Using the data that follows, return exactly the lines from the one that contains "Author: kenne" through the one that contains "mid plane 20", ends included.
*** Data to examine
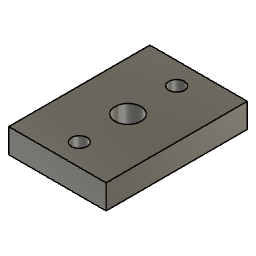
전방 덮개 브라켓2 (Autodesk Fusion 360 design; units mm, degrees)
Autodesk Fusion 360 part; units mm, degrees
sketch "스케치1" plane through (0, 0, 0) normal (0, 0, 1) x (1, 0, 0)
  line L0 (10, 14.5) -> (-10, 14.5)
  line L1 (-10, 14.5) -> (-10, -14.5)
  line L2 (-10, -14.5) -> (10, -14.5)
  line L3 (10, -14.5) -> (10, 14.5)
  line L4 (10, 14.5) -> (-10, -14.5) construction
  line L5 (-10, 14.5) -> (10, -14.5) construction
  circle A0 centre (0, 0) radius 2.65
  line L6 (0, 0) -> (0, 10)
  circle A1 centre (0, 10) radius 1.6
  line L7 (0, 0) -> (0, -10)
  circle A2 centre (0, -10) radius 1.6
  dimension "d1" = 20
  dimension "d2" = 29
  dimension "d3" = 5.3
  dimension "d4" = 10
  dimension "d5" = 3.2
  dimension "d6" = 10
  dimension "d7" = 3.2
  constraint horizontal L0
  constraint perpendicular L0 L1
  constraint parallel L0 L2
  constraint parallel L1 L3
  constraint coincident L4 A0.centre
  constraint coincident L5 A0.centre
  constraint coincident A0.centre L6.start
  constraint vertical L6
  constraint coincident L6.end A1.centre
  constraint parallel L6 L7
  constraint coincident L7.end A2.centre
  measures "d1" distance of L1.end L2.end
  measures "d2" distance of L0.end L1.end
  measures "d3" diameter of A0
  measures "d4" distance of A0.centre L6.end
  measures "d5" diameter of A1
  measures "d6" distance of A0.centre L7.end
  measures "d7" diameter of A2
extrude "돌출1" add sketch "스케치1" along normal blind 5
extrude "돌출2" add sketch "스케치1" along normal blind 2.8 contours A1 | A2
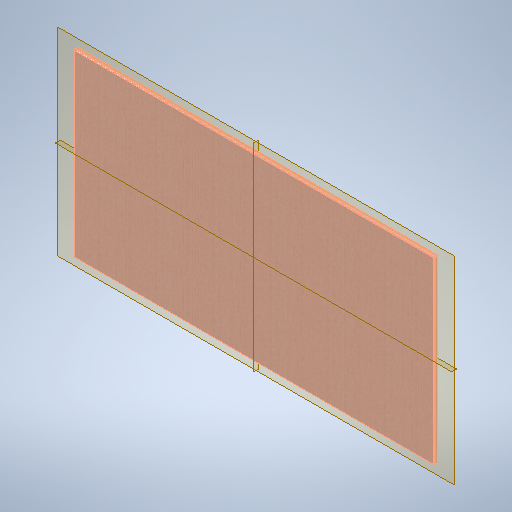
# Autodesk Inventor part: Tampo
Saved by Autodesk Inventor 2025.2 (Build 292293000, 293)
## iProperties
Created: 2025-04-02
Part Number: Tampo
Material: Wood (Oak)
Document SubType Name: Modeling
Designer: kenne
Density: 0.76 g/cm^3
Appearance: White Oak - Natural Medium Gloss
Author: kenne
Autodesk Inventor part; units mm, degrees
sketch "Tampo_sketch" plane through (0, 0, 0) normal (0, 0, 1) x (1, 0, 0)
  line L0 (-800, 400) -> (800, 400)
  line L1 (800, 400) -> (800, -400)
  line L2 (800, -400) -> (-800, -400)
  line L3 (-800, -400) -> (-800, 400)
  line L4 (-800, 400) -> (800, -400) construction
  line L5 (800, 400) -> (-800, -400) construction
  point P0 (0, 0)
  point P1 (0, 0)
  dimension "d0" = 1600
  dimension "d1" = 800
  constraints: 12 end point, 2 midpoint, 2 parallel, 1 coincident, 1 horizontal, 1 perpendicular
  measures "d0" distance of L0.start L0.end
  measures "d1" distance of L2.end L0.start
extrude "Tampo_Extrusion" add sketch "Tampo_sketch" along normal mid plane 20
fillet "Fillet1" radius 3 12 edges at (800, 400, 0) (-800, 400, 0) (-800, -400, 0) (800, -400, 0) (0, -400, 10) (0, -400, -10) (800, 0, 10) (800, 0, -10) (-800, 0, 10) (-800, 0, -10) (0, 400, 10) (0, 400, -10)
******
§ Answer below:
Author: kenne
Autodesk Inventor part; units mm, degrees
sketch "Tampo_sketch" plane through (0, 0, 0) normal (0, 0, 1) x (1, 0, 0)
  line L0 (-800, 400) -> (800, 400)
  line L1 (800, 400) -> (800, -400)
  line L2 (800, -400) -> (-800, -400)
  line L3 (-800, -400) -> (-800, 400)
  line L4 (-800, 400) -> (800, -400) construction
  line L5 (800, 400) -> (-800, -400) construction
  point P0 (0, 0)
  point P1 (0, 0)
  dimension "d0" = 1600
  dimension "d1" = 800
  constraints: 12 end point, 2 midpoint, 2 parallel, 1 coincident, 1 horizontal, 1 perpendicular
  measures "d0" distance of L0.start L0.end
  measures "d1" distance of L2.end L0.start
extrude "Tampo_Extrusion" add sketch "Tampo_sketch" along normal mid plane 20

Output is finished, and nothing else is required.